-- Task to complete --
As soon as the line containing "#47=VERTEX_POINT('',#46);" appears in the material below, start returning lines exactly, and end with the line containing "#65=DIRECTION('',(0.,0.,1.));".

-- Information provided --
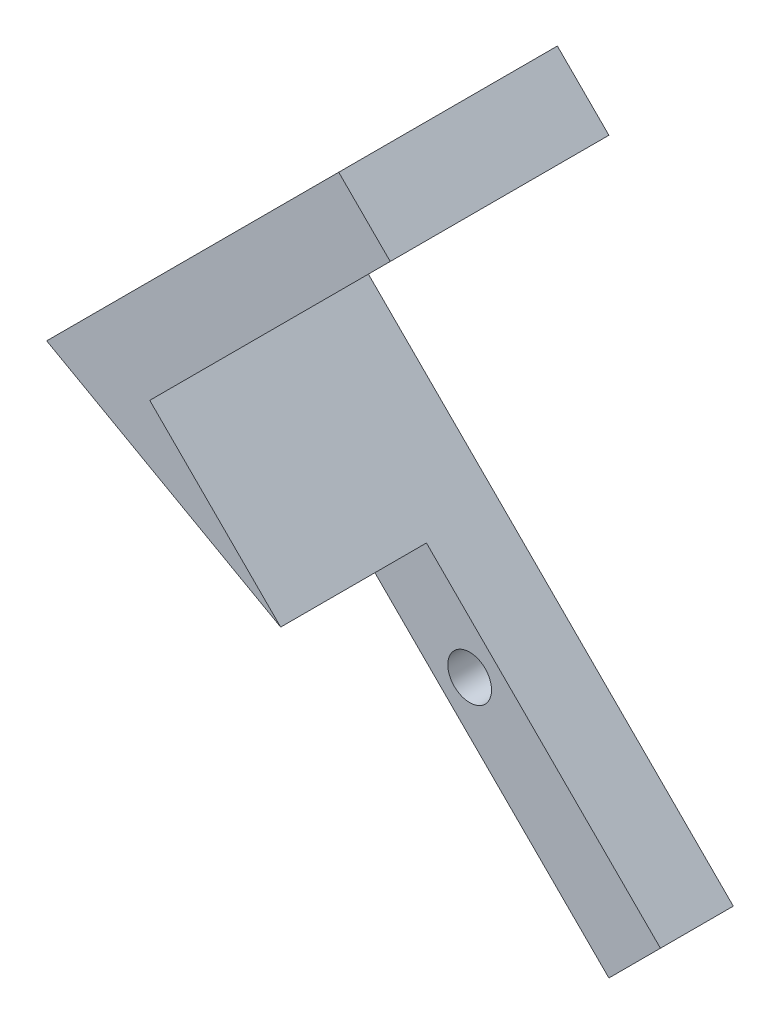
ISO-10303-21;
HEADER;
FILE_DESCRIPTION(('STEP AP214'),'2;1');
FILE_NAME('part.step','',(''),(''),'','','');
FILE_SCHEMA(('AUTOMOTIVE_DESIGN { 1 0 10303 214 1 1 1 1 }'));
ENDSEC;
DATA;
#1=APPLICATION_CONTEXT('core data for automotive mechanical design processes');
#2=APPLICATION_PROTOCOL_DEFINITION('international standard','automotive_design',2000,#1);
#3=PRODUCT_CONTEXT('',#1,'mechanical');
#4=PRODUCT('Part','Part','',(#3));
#5=PRODUCT_RELATED_PRODUCT_CATEGORY('part','',(#4));
#6=PRODUCT_DEFINITION_FORMATION('','',#4);
#7=PRODUCT_DEFINITION_CONTEXT('part definition',#1,'design');
#8=PRODUCT_DEFINITION('design','',#6,#7);
#9=PRODUCT_DEFINITION_SHAPE('','',#8);
#10=(LENGTH_UNIT() NAMED_UNIT(*) SI_UNIT(.MILLI.,.METRE.));
#11=(NAMED_UNIT(*) PLANE_ANGLE_UNIT() SI_UNIT($,.RADIAN.));
#12=(NAMED_UNIT(*) SI_UNIT($,.STERADIAN.) SOLID_ANGLE_UNIT());
#13=UNCERTAINTY_MEASURE_WITH_UNIT(LENGTH_MEASURE(1.E-05),#10,'distance_accuracy_value','');
#14=(GEOMETRIC_REPRESENTATION_CONTEXT(3) GLOBAL_UNCERTAINTY_ASSIGNED_CONTEXT((#13)) GLOBAL_UNIT_ASSIGNED_CONTEXT((#10,
#11,#12)) REPRESENTATION_CONTEXT('',''));
#15=CARTESIAN_POINT('',(0.,0.,0.));
#16=DIRECTION('',(0.,0.,1.));
#17=DIRECTION('',(1.,0.,0.));
#18=AXIS2_PLACEMENT_3D('',#15,#16,#17);
#19=CARTESIAN_POINT('',(8.53553390593255,-8.53553390593271,10.));
#20=DIRECTION('',(-0.707106781186541,0.707106781186554,0.));
#21=DIRECTION('',(-0.707106781186554,-0.707106781186541,0.));
#22=AXIS2_PLACEMENT_3D('',#19,#20,#21);
#23=PLANE('',#22);
#24=DIRECTION('',(0.707106781186554,0.707106781186541,0.));
#25=VECTOR('',#24,1.);
#26=CARTESIAN_POINT('',(8.53553390593255,-8.53553390593271,5.));
#27=LINE('',#26,#25);
#28=CARTESIAN_POINT('',(5.,-12.0710678118652,5.));
#29=VERTEX_POINT('',#28);
#30=CARTESIAN_POINT('',(8.53553390593255,-8.5355339059327,5.));
#31=VERTEX_POINT('',#30);
#32=EDGE_CURVE('E149',#29,#31,#27,.T.);
#33=ORIENTED_EDGE('',*,*,#32,.F.);
#34=DIRECTION('',(0.,0.,-1.));
#35=VECTOR('',#34,1.);
#36=CARTESIAN_POINT('',(5.,-12.0710678118652,10.));
#37=LINE('',#36,#35);
#38=CARTESIAN_POINT('',(5.,-12.0710678118652,0.));
#39=VERTEX_POINT('',#38);
#40=EDGE_CURVE('E12',#29,#39,#37,.T.);
#41=ORIENTED_EDGE('',*,*,#40,.T.);
#42=DIRECTION('',(0.707106781186554,0.707106781186541,0.));
#43=VECTOR('',#42,1.);
#44=CARTESIAN_POINT('',(8.53553390593255,-8.53553390593271,0.));
#45=LINE('',#44,#43);
#46=CARTESIAN_POINT('',(8.53553390593255,-8.5355339059327,0.));
#47=VERTEX_POINT('',#46);
#48=EDGE_CURVE('E137',#39,#47,#45,.T.);
#49=ORIENTED_EDGE('',*,*,#48,.T.);
#50=DIRECTION('',(0.,0.,-1.));
#51=VECTOR('',#50,1.);
#52=CARTESIAN_POINT('',(8.53553390593255,-8.5355339059327,10.));
#53=LINE('',#52,#51);
#54=EDGE_CURVE('E55',#31,#47,#53,.T.);
#55=ORIENTED_EDGE('',*,*,#54,.F.);
#56=EDGE_LOOP('',(#33,#41,#49,#55));
#57=FACE_BOUND('',#56,.T.);
#58=ADVANCED_FACE('F46',(#57),#23,.F.);
#59=CARTESIAN_POINT('',(-4.55056161385881,1.01502770792578,0.));
#60=DIRECTION('',(0.,0.,1.));
#61=DIRECTION('',(1.,0.,0.));
#62=AXIS2_PLACEMENT_3D('',#59,#60,#61);
#63=CYLINDRICAL_SURFACE('',#62,1.5);
#64=CARTESIAN_POINT('',(-4.55056161385881,1.01502770792578,0.));
#65=DIRECTION('',(0.,0.,1.));
#66=DIRECTION('',(1.,0.,0.));
#67=AXIS2_PLACEMENT_3D('',#64,#65,#66);
#68=CIRCLE('',#67,1.5);
#69=CARTESIAN_POINT('',(-3.05056161385881,1.01502770792578,0.));
#70=VERTEX_POINT('',#69);
#71=EDGE_CURVE('E142',#70,#70,#68,.T.);
#72=ORIENTED_EDGE('',*,*,#71,.F.);
#73=EDGE_LOOP('',(#72));
#74=FACE_BOUND('',#73,.T.);
#75=CARTESIAN_POINT('',(-4.55056161385881,1.01502770792578,5.));
#76=DIRECTION('',(0.,0.,1.));
#77=DIRECTION('',(1.,0.,0.));
#78=AXIS2_PLACEMENT_3D('',#75,#76,#77);
#79=CIRCLE('',#78,1.5);
#80=CARTESIAN_POINT('',(-3.05056161385881,1.01502770792578,5.));
#81=VERTEX_POINT('',#80);
#82=EDGE_CURVE('E153',#81,#81,#79,.F.);
#83=ORIENTED_EDGE('',*,*,#82,.F.);
#84=EDGE_LOOP('',(#83));
#85=FACE_BOUND('',#84,.T.);
#86=ADVANCED_FACE('F229',(#74,#85),#63,.F.);
#87=CARTESIAN_POINT('',(-3.53553390593268,-3.53553390593279,10.));
#88=DIRECTION('',(0.707106781186536,0.707106781186559,0.));
#89=DIRECTION('',(-0.707106781186559,0.707106781186536,0.));
#90=AXIS2_PLACEMENT_3D('',#87,#88,#89);
#91=PLANE('',#90);
#92=DIRECTION('',(0.707106781186559,-0.707106781186536,0.));
#93=VECTOR('',#92,1.);
#94=CARTESIAN_POINT('',(-3.53553390593268,-3.53553390593279,5.));
#95=LINE('',#94,#93);
#96=CARTESIAN_POINT('',(-11.0533008588992,3.98223304703362,5.));
#97=VERTEX_POINT('',#96);
#98=EDGE_CURVE('E146',#97,#29,#95,.T.);
#99=ORIENTED_EDGE('',*,*,#98,.F.);
#100=DIRECTION('',(0.,0.,-1.));
#101=VECTOR('',#100,1.);
#102=CARTESIAN_POINT('',(-11.0533008588992,3.98223304703362,5.));
#103=LINE('',#102,#101);
#104=CARTESIAN_POINT('',(-11.0533008588992,3.98223304703362,10.));
#105=VERTEX_POINT('',#104);
#106=EDGE_CURVE('E156',#105,#97,#103,.T.);
#107=ORIENTED_EDGE('',*,*,#106,.F.);
#108=DIRECTION('',(0.707106781186559,-0.707106781186536,0.));
#109=VECTOR('',#108,1.);
#110=CARTESIAN_POINT('',(-3.53553390593268,-3.53553390593279,10.));
#111=LINE('',#110,#109);
#112=CARTESIAN_POINT('',(-23.5710678118655,16.4999999999994,10.));
#113=VERTEX_POINT('',#112);
#114=EDGE_CURVE('E114',#113,#105,#111,.T.);
#115=ORIENTED_EDGE('',*,*,#114,.F.);
#116=DIRECTION('',(0.,0.,-1.));
#117=VECTOR('',#116,1.);
#118=CARTESIAN_POINT('',(-23.5710678118655,16.4999999999994,10.));
#119=LINE('',#118,#117);
#120=CARTESIAN_POINT('',(-23.5710678118655,16.4999999999994,0.));
#121=VERTEX_POINT('',#120);
#122=EDGE_CURVE('E107',#113,#121,#119,.T.);
#123=ORIENTED_EDGE('',*,*,#122,.T.);
#124=DIRECTION('',(0.707106781186559,-0.707106781186536,0.));
#125=VECTOR('',#124,1.);
#126=CARTESIAN_POINT('',(-3.53553390593268,-3.53553390593279,0.));
#127=LINE('',#126,#125);
#128=EDGE_CURVE('E113',#121,#39,#127,.T.);
#129=ORIENTED_EDGE('',*,*,#128,.T.);
#130=ORIENTED_EDGE('',*,*,#40,.F.);
#131=EDGE_LOOP('',(#99,#107,#115,#123,#129,#130));
#132=FACE_BOUND('',#131,.T.);
#133=ADVANCED_FACE('F48',(#132),#91,.F.);
#134=CARTESIAN_POINT('',(0.,0.,10.));
#135=DIRECTION('',(0.707106781186554,0.707106781186541,0.));
#136=DIRECTION('',(-0.707106781186541,0.707106781186554,0.));
#137=AXIS2_PLACEMENT_3D('',#134,#135,#136);
#138=PLANE('',#137);
#139=DIRECTION('',(0.,0.,1.));
#140=VECTOR('',#139,1.);
#141=CARTESIAN_POINT('',(-7.51776695296629,7.51776695296642,5.));
#142=LINE('',#141,#140);
#143=CARTESIAN_POINT('',(-7.51776695296629,7.51776695296642,5.));
#144=VERTEX_POINT('',#143);
#145=CARTESIAN_POINT('',(-7.51776695296629,7.51776695296642,10.));
#146=VERTEX_POINT('',#145);
#147=EDGE_CURVE('E162',#144,#146,#142,.T.);
#148=ORIENTED_EDGE('',*,*,#147,.F.);
#149=DIRECTION('',(0.707106781186541,-0.707106781186554,0.));
#150=VECTOR('',#149,1.);
#151=CARTESIAN_POINT('',(0.,0.,5.));
#152=LINE('',#151,#150);
#153=EDGE_CURVE('E134',#144,#31,#152,.T.);
#154=ORIENTED_EDGE('',*,*,#153,.T.);
#155=ORIENTED_EDGE('',*,*,#54,.T.);
#156=DIRECTION('',(0.707106781186541,-0.707106781186554,0.));
#157=VECTOR('',#156,1.);
#158=CARTESIAN_POINT('',(0.,0.,0.));
#159=LINE('',#158,#157);
#160=CARTESIAN_POINT('',(-16.4999999999997,16.5,0.));
#161=VERTEX_POINT('',#160);
#162=EDGE_CURVE('E131',#161,#47,#159,.T.);
#163=ORIENTED_EDGE('',*,*,#162,.F.);
#164=DIRECTION('',(0.,0.,-1.));
#165=VECTOR('',#164,1.);
#166=CARTESIAN_POINT('',(-16.4999999999997,16.5,10.));
#167=LINE('',#166,#165);
#168=CARTESIAN_POINT('',(-16.4999999999997,16.5,15.));
#169=VERTEX_POINT('',#168);
#170=EDGE_CURVE('E121',#169,#161,#167,.T.);
#171=ORIENTED_EDGE('',*,*,#170,.F.);
#172=DIRECTION('',(-0.707106781186541,0.707106781186554,0.));
#173=VECTOR('',#172,1.);
#174=CARTESIAN_POINT('',(-16.4999999999997,16.5,15.));
#175=LINE('',#174,#173);
#176=CARTESIAN_POINT('',(-7.51776695296629,7.51776695296642,15.));
#177=VERTEX_POINT('',#176);
#178=EDGE_CURVE('E176',#177,#169,#175,.T.);
#179=ORIENTED_EDGE('',*,*,#178,.F.);
#180=DIRECTION('',(0.,0.,-1.));
#181=VECTOR('',#180,1.);
#182=CARTESIAN_POINT('',(-7.51776695296629,7.51776695296642,15.));
#183=LINE('',#182,#181);
#184=EDGE_CURVE('E171',#177,#146,#183,.T.);
#185=ORIENTED_EDGE('',*,*,#184,.T.);
#186=EDGE_LOOP('',(#148,#154,#155,#163,#171,#179,#185));
#187=FACE_BOUND('',#186,.T.);
#188=ADVANCED_FACE('F128',(#187),#138,.T.);
#189=CARTESIAN_POINT('',(-16.5,16.4999999999997,10.));
#190=DIRECTION('',(0.707106781186554,-0.707106781186541,0.));
#191=DIRECTION('',(0.707106781186541,0.707106781186554,0.));
#192=AXIS2_PLACEMENT_3D('',#189,#190,#191);
#193=PLANE('',#192);
#194=DIRECTION('',(-0.707106781186541,-0.707106781186554,0.));
#195=VECTOR('',#194,1.);
#196=CARTESIAN_POINT('',(-16.5,16.4999999999997,0.));
#197=LINE('',#196,#195);
#198=CARTESIAN_POINT('',(0.,33.,0.));
#199=VERTEX_POINT('',#198);
#200=EDGE_CURVE('E98',#199,#161,#197,.T.);
#201=ORIENTED_EDGE('',*,*,#200,.F.);
#202=DIRECTION('',(0.,0.,-1.));
#203=VECTOR('',#202,1.);
#204=CARTESIAN_POINT('',(0.,33.,10.));
#205=LINE('',#204,#203);
#206=CARTESIAN_POINT('',(0.,33.,15.));
#207=VERTEX_POINT('',#206);
#208=EDGE_CURVE('E92',#207,#199,#205,.T.);
#209=ORIENTED_EDGE('',*,*,#208,.F.);
#210=DIRECTION('',(0.707106781186541,0.707106781186554,0.));
#211=VECTOR('',#210,1.);
#212=CARTESIAN_POINT('',(0.,33.,15.));
#213=LINE('',#212,#211);
#214=EDGE_CURVE('E182',#169,#207,#213,.T.);
#215=ORIENTED_EDGE('',*,*,#214,.F.);
#216=ORIENTED_EDGE('',*,*,#170,.T.);
#217=EDGE_LOOP('',(#201,#209,#215,#216));
#218=FACE_BOUND('',#217,.T.);
#219=ADVANCED_FACE('F238',(#218),#193,.T.);
#220=CARTESIAN_POINT('',(16.5,16.5000000000002,10.));
#221=DIRECTION('',(-0.707106781186544,-0.707106781186552,0.));
#222=DIRECTION('',(0.707106781186551,-0.707106781186544,0.));
#223=AXIS2_PLACEMENT_3D('',#220,#221,#222);
#224=PLANE('',#223);
#225=DIRECTION('',(-0.707106781186552,0.707106781186544,0.));
#226=VECTOR('',#225,1.);
#227=CARTESIAN_POINT('',(16.5,16.5000000000002,0.));
#228=LINE('',#227,#226);
#229=CARTESIAN_POINT('',(-3.53553390593267,36.5355339059326,0.));
#230=VERTEX_POINT('',#229);
#231=EDGE_CURVE('E84',#199,#230,#228,.T.);
#232=ORIENTED_EDGE('',*,*,#231,.T.);
#233=DIRECTION('',(0.,0.,-1.));
#234=VECTOR('',#233,1.);
#235=CARTESIAN_POINT('',(-3.53553390593267,36.5355339059326,10.));
#236=LINE('',#235,#234);
#237=CARTESIAN_POINT('',(-3.53553390593267,36.5355339059326,15.));
#238=VERTEX_POINT('',#237);
#239=EDGE_CURVE('E89',#238,#230,#236,.T.);
#240=ORIENTED_EDGE('',*,*,#239,.F.);
#241=DIRECTION('',(-0.707106781186552,0.707106781186543,0.));
#242=VECTOR('',#241,1.);
#243=CARTESIAN_POINT('',(-3.53553390593267,36.5355339059326,15.));
#244=LINE('',#243,#242);
#245=EDGE_CURVE('E180',#207,#238,#244,.T.);
#246=ORIENTED_EDGE('',*,*,#245,.F.);
#247=ORIENTED_EDGE('',*,*,#208,.T.);
#248=EDGE_LOOP('',(#232,#240,#246,#247));
#249=FACE_BOUND('',#248,.T.);
#250=ADVANCED_FACE('F86',(#249),#224,.F.);
#251=CARTESIAN_POINT('',(-20.0355339059327,20.0355339059322,10.));
#252=DIRECTION('',(0.707106781186555,-0.70710678118654,0.));
#253=DIRECTION('',(0.70710678118654,0.707106781186555,0.));
#254=AXIS2_PLACEMENT_3D('',#251,#252,#253);
#255=PLANE('',#254);
#256=DIRECTION('',(-0.70710678118654,-0.707106781186555,0.));
#257=VECTOR('',#256,1.);
#258=CARTESIAN_POINT('',(-20.0355339059327,20.0355339059322,0.));
#259=LINE('',#258,#257);
#260=EDGE_CURVE('E97',#230,#121,#259,.T.);
#261=ORIENTED_EDGE('',*,*,#260,.T.);
#262=ORIENTED_EDGE('',*,*,#122,.F.);
#263=DIRECTION('',(0.,0.,-1.));
#264=VECTOR('',#263,1.);
#265=CARTESIAN_POINT('',(-23.5710678118655,16.4999999999994,15.));
#266=LINE('',#265,#264);
#267=CARTESIAN_POINT('',(-23.5710678118655,16.4999999999994,15.));
#268=VERTEX_POINT('',#267);
#269=EDGE_CURVE('E168',#268,#113,#266,.T.);
#270=ORIENTED_EDGE('',*,*,#269,.F.);
#271=DIRECTION('',(-0.70710678118654,-0.707106781186555,0.));
#272=VECTOR('',#271,1.);
#273=CARTESIAN_POINT('',(-23.5710678118655,16.4999999999994,15.));
#274=LINE('',#273,#272);
#275=EDGE_CURVE('E106',#238,#268,#274,.T.);
#276=ORIENTED_EDGE('',*,*,#275,.F.);
#277=ORIENTED_EDGE('',*,*,#239,.T.);
#278=EDGE_LOOP('',(#261,#262,#270,#276,#277));
#279=FACE_BOUND('',#278,.T.);
#280=ADVANCED_FACE('F102',(#279),#255,.F.);
#281=CARTESIAN_POINT('',(0.,0.,10.));
#282=DIRECTION('',(0.,0.,1.));
#283=DIRECTION('',(1.,0.,0.));
#284=AXIS2_PLACEMENT_3D('',#281,#282,#283);
#285=PLANE('',#284);
#286=DIRECTION('',(0.872682445510569,-0.488288182631623,0.));
#287=VECTOR('',#286,1.);
#288=CARTESIAN_POINT('',(-7.51776695296629,7.51776695296642,10.));
#289=LINE('',#288,#287);
#290=EDGE_CURVE('E62',#113,#146,#289,.T.);
#291=ORIENTED_EDGE('',*,*,#290,.F.);
#292=ORIENTED_EDGE('',*,*,#114,.T.);
#293=DIRECTION('',(-0.707106781186554,-0.707106781186541,0.));
#294=VECTOR('',#293,1.);
#295=CARTESIAN_POINT('',(-7.51776695296629,7.51776695296642,10.));
#296=LINE('',#295,#294);
#297=EDGE_CURVE('E159',#146,#105,#296,.T.);
#298=ORIENTED_EDGE('',*,*,#297,.F.);
#299=EDGE_LOOP('',(#291,#292,#298));
#300=FACE_BOUND('',#299,.T.);
#301=ADVANCED_FACE('F245',(#300),#285,.T.);
#302=CARTESIAN_POINT('',(0.,0.,0.));
#303=DIRECTION('',(0.,0.,1.));
#304=DIRECTION('',(1.,0.,0.));
#305=AXIS2_PLACEMENT_3D('',#302,#303,#304);
#306=PLANE('',#305);
#307=ORIENTED_EDGE('',*,*,#71,.T.);
#308=EDGE_LOOP('',(#307));
#309=FACE_BOUND('',#308,.T.);
#310=ORIENTED_EDGE('',*,*,#128,.F.);
#311=ORIENTED_EDGE('',*,*,#260,.F.);
#312=ORIENTED_EDGE('',*,*,#231,.F.);
#313=ORIENTED_EDGE('',*,*,#200,.T.);
#314=ORIENTED_EDGE('',*,*,#162,.T.);
#315=ORIENTED_EDGE('',*,*,#48,.F.);
#316=EDGE_LOOP('',(#310,#311,#312,#313,#314,#315));
#317=FACE_BOUND('',#316,.T.);
#318=ADVANCED_FACE('F110',(#309,#317),#306,.F.);
#319=CARTESIAN_POINT('',(0.,0.,5.));
#320=DIRECTION('',(0.,0.,1.));
#321=DIRECTION('',(1.,0.,0.));
#322=AXIS2_PLACEMENT_3D('',#319,#320,#321);
#323=PLANE('',#322);
#324=ORIENTED_EDGE('',*,*,#82,.T.);
#325=EDGE_LOOP('',(#324));
#326=FACE_BOUND('',#325,.T.);
#327=ORIENTED_EDGE('',*,*,#98,.T.);
#328=ORIENTED_EDGE('',*,*,#32,.T.);
#329=ORIENTED_EDGE('',*,*,#153,.F.);
#330=DIRECTION('',(0.707106781186554,0.707106781186541,0.));
#331=VECTOR('',#330,1.);
#332=CARTESIAN_POINT('',(-7.51776695296629,7.51776695296642,5.));
#333=LINE('',#332,#331);
#334=EDGE_CURVE('E165',#97,#144,#333,.T.);
#335=ORIENTED_EDGE('',*,*,#334,.F.);
#336=EDGE_LOOP('',(#327,#328,#329,#335));
#337=FACE_BOUND('',#336,.T.);
#338=ADVANCED_FACE('F211',(#326,#337),#323,.T.);
#339=CARTESIAN_POINT('',(-7.51776695296629,7.51776695296642,0.));
#340=DIRECTION('',(-0.707106781186541,0.707106781186554,0.));
#341=DIRECTION('',(-0.707106781186554,-0.707106781186541,0.));
#342=AXIS2_PLACEMENT_3D('',#339,#340,#341);
#343=PLANE('',#342);
#344=ORIENTED_EDGE('',*,*,#334,.T.);
#345=ORIENTED_EDGE('',*,*,#147,.T.);
#346=ORIENTED_EDGE('',*,*,#297,.T.);
#347=ORIENTED_EDGE('',*,*,#106,.T.);
#348=EDGE_LOOP('',(#344,#345,#346,#347));
#349=FACE_BOUND('',#348,.T.);
#350=ADVANCED_FACE('F218',(#349),#343,.F.);
#351=CARTESIAN_POINT('',(-7.51776695296629,7.51776695296642,15.));
#352=DIRECTION('',(0.488288182631623,0.872682445510569,0.));
#353=DIRECTION('',(-0.872682445510569,0.488288182631623,0.));
#354=AXIS2_PLACEMENT_3D('',#351,#352,#353);
#355=PLANE('',#354);
#356=ORIENTED_EDGE('',*,*,#290,.T.);
#357=ORIENTED_EDGE('',*,*,#184,.F.);
#358=DIRECTION('',(0.872682445510569,-0.488288182631623,0.));
#359=VECTOR('',#358,1.);
#360=CARTESIAN_POINT('',(-7.51776695296629,7.51776695296642,15.));
#361=LINE('',#360,#359);
#362=EDGE_CURVE('E174',#268,#177,#361,.T.);
#363=ORIENTED_EDGE('',*,*,#362,.F.);
#364=ORIENTED_EDGE('',*,*,#269,.T.);
#365=EDGE_LOOP('',(#356,#357,#363,#364));
#366=FACE_BOUND('',#365,.T.);
#367=ADVANCED_FACE('F216',(#366),#355,.F.);
#368=CARTESIAN_POINT('',(0.,0.,15.));
#369=DIRECTION('',(0.,0.,1.));
#370=DIRECTION('',(1.,0.,0.));
#371=AXIS2_PLACEMENT_3D('',#368,#369,#370);
#372=PLANE('',#371);
#373=ORIENTED_EDGE('',*,*,#178,.T.);
#374=ORIENTED_EDGE('',*,*,#214,.T.);
#375=ORIENTED_EDGE('',*,*,#245,.T.);
#376=ORIENTED_EDGE('',*,*,#275,.T.);
#377=ORIENTED_EDGE('',*,*,#362,.T.);
#378=EDGE_LOOP('',(#373,#374,#375,#376,#377));
#379=FACE_BOUND('',#378,.T.);
#380=ADVANCED_FACE('F189',(#379),#372,.T.);
#381=CLOSED_SHELL('',(#58,#86,#133,#188,#219,#250,#280,#301,#318,#338,#350,#367,#380));
#382=MANIFOLD_SOLID_BREP('B2',#381);
#383=ADVANCED_BREP_SHAPE_REPRESENTATION('',(#18,#382),#14);
#384=SHAPE_DEFINITION_REPRESENTATION(#9,#383);
ENDSEC;
END-ISO-10303-21;

-- Task response --
#47=VERTEX_POINT('',#46);
#48=EDGE_CURVE('E137',#39,#47,#45,.T.);
#49=ORIENTED_EDGE('',*,*,#48,.T.);
#50=DIRECTION('',(0.,0.,-1.));
#51=VECTOR('',#50,1.);
#52=CARTESIAN_POINT('',(8.53553390593255,-8.5355339059327,10.));
#53=LINE('',#52,#51);
#54=EDGE_CURVE('E55',#31,#47,#53,.T.);
#55=ORIENTED_EDGE('',*,*,#54,.F.);
#56=EDGE_LOOP('',(#33,#41,#49,#55));
#57=FACE_BOUND('',#56,.T.);
#58=ADVANCED_FACE('F46',(#57),#23,.F.);
#59=CARTESIAN_POINT('',(-4.55056161385881,1.01502770792578,0.));
#60=DIRECTION('',(0.,0.,1.));
#61=DIRECTION('',(1.,0.,0.));
#62=AXIS2_PLACEMENT_3D('',#59,#60,#61);
#63=CYLINDRICAL_SURFACE('',#62,1.5);
#64=CARTESIAN_POINT('',(-4.55056161385881,1.01502770792578,0.));
#65=DIRECTION('',(0.,0.,1.));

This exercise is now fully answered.